- Born: 16 September 1710 possibly Newport, Rhode Island
- Died: 29 August 1776 (aged 65) probably Exeter, Rhode Island
- Occupation: Deacon
- Spouses: Patience Gifford,; Hannah Gifford;
- Children: Abigail, Josiah, Joseph, Stephen, Samuel, Josiah, Patience, Mary, Peleg, Oliver, John, Caleb, Anna, Edmund, Dorcas, Hannah
- Parents: Samuel Arnold (father); Mary Sheffield (mother);
- Relatives: Grandfather: Attorney General Joseph Sheffield; great grandfather: Governor Benedict Arnold; great great grandson: Senator Stephen A. Douglas

= Joseph Arnold (Rhode Island farmer) =

Colonist in British North America (1710–1776)

Joseph Arnold (1710–1776) was a British colonist in the Colony of Rhode Island and Providence Plantations. He is most noted for having a very large progeny, having had 16 children of whom 15 grew to maturity, married, and had children of their own, giving him at least 93 grandchildren and 383 great grandchildren. He was the great great grandfather of presidential hopeful Stephen Arnold Douglas who debated Abraham Lincoln in 1858, and lost to him in the 1860 presidential election. He was an ancestral link between Douglas and many prominent early Rhode Islanders such as Governor Benedict Arnold and two founders of the Rhode Island colony, Samuel Wilbore and John Porter.

== Life ==

Born in 1710, probably in Portsmouth in the Colony of Rhode Island and Providence Plantations, Joseph Arnold was the son of Samuel Arnold and Mary Sheffield who were married in Newport, Rhode Island in 1708. The birth year of 1712 often ascribed to Arnold was likely from a confusion of dates created by some early writers. His father was a physician, as was his paternal grandfather, Caleb Arnold; his great grandfather, Benedict Arnold, became the first governor of the Rhode Island colony under the Royal Charter of 1663. His maternal grandfather was Rhode Island Attorney General Joseph Sheffield, for whom the subject was undoubtedly named. Arnold's mother likely died at an early age, since she had only three children, and never cosigned any land records with her husband.

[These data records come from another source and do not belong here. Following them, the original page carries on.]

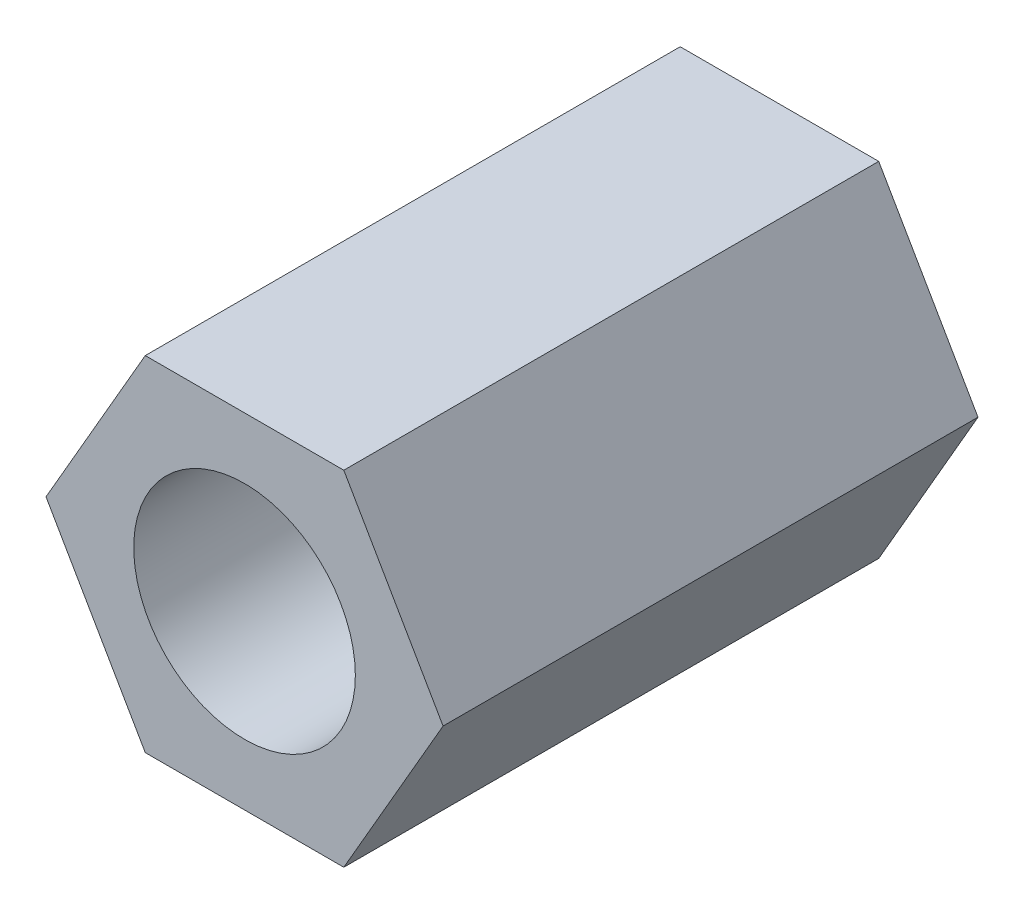
from build123d import *

# Parameters (mm, degrees)
SKETCH1_R           = 1.45
BOSS_EXTRUDE1_DEPTH = 7


with BuildPart() as part:
    # Sketch1 → Boss-Extrude1 (new body)
    with BuildSketch(Plane.XY):
        Polygon((-1.299038106, -2.25), (1.299038106, -2.25), (2.598076211, 0), (1.299038106, 2.25), (-1.299038106, 2.25), (-2.598076211, 0), align=None)
        Circle(SKETCH1_R, mode=Mode.SUBTRACT)
    extrude(amount=BOSS_EXTRUDE1_DEPTH)


solid = part.part
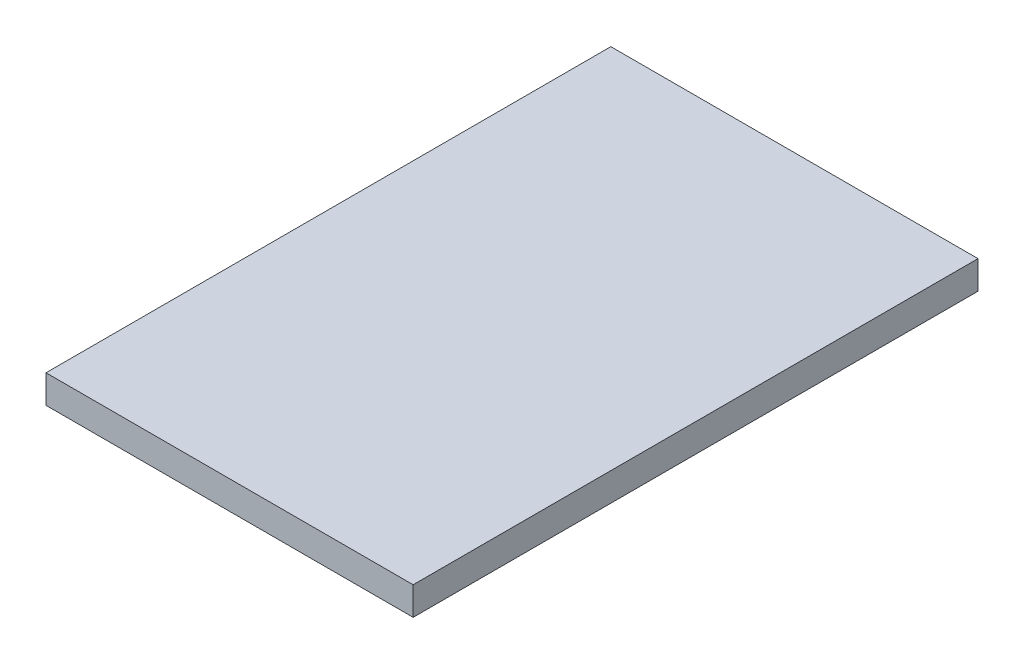
from build123d import *

# Parameters (mm, degrees)
SKETCH1_W           = 330.2
SKETCH1_H           = 508
BOSS_EXTRUDE1_DEPTH = 25.4


with BuildPart() as part:
    # Sketch1 → Boss-Extrude1 (new body)
    with BuildSketch(Plane(origin=(0, 0, 0), x_dir=(1, 0, 0), z_dir=(0, 1, 0))):
        with Locations((58.531016631, -24.295652174)):
            Rectangle(SKETCH1_W, SKETCH1_H)
    extrude(amount=BOSS_EXTRUDE1_DEPTH)


solid = part.part

Arnold was a farmer and landowner who lived in Exeter, Rhode Island, and this is where the births of many of his children were recorded. He left behind few records other than land transactions, but was called a Deacon in a family record, and was given the title of Esquire in his obituary. He is most noted for his very large progeny of 16 children, 93 grandchildren and at least 383 great grandchildren. His first wife was Patience Gifford, the daughter of Yelverton Gifford and Ann Northup, who bore two children, and then died, possibly in childbirth with her second child who did not survive. Arnold then married Hannah Gifford, the sister of Patience, and with her had 14 children, and all 15 of his surviving children married and had offspring. His second child with his second wife, Stephen Arnold, moved from Rhode Island to Stephentown, New York, and became the great grandfather of Stephen Arnold Douglas, who became famous as the leader of the Northern Democrats before the Civil War, sparring with Abraham Lincoln in a series of famed debates prior to a U.S. Senate contest in 1858, and later losing to Lincoln in the 1860 presidential election.

Arnold died on 29 August 1776 "of camp fever while visiting his sons in camp with his sister Mary." His death was recorded in the diary of Jeffrey Watson, one of his contemporaries. Three of his sons--Peleg, Caleb and Edmund--served in the military during the American Revolutionary War.

== Ancestry of Joseph Arnold ==

The three early generations of Joseph Arnold's ancestry are documented in John O. Austin's Genealogical Dictionary of Rhode Island. The connection between the Arnolds and the Sheffields was published by Katharine Waterman in 1953.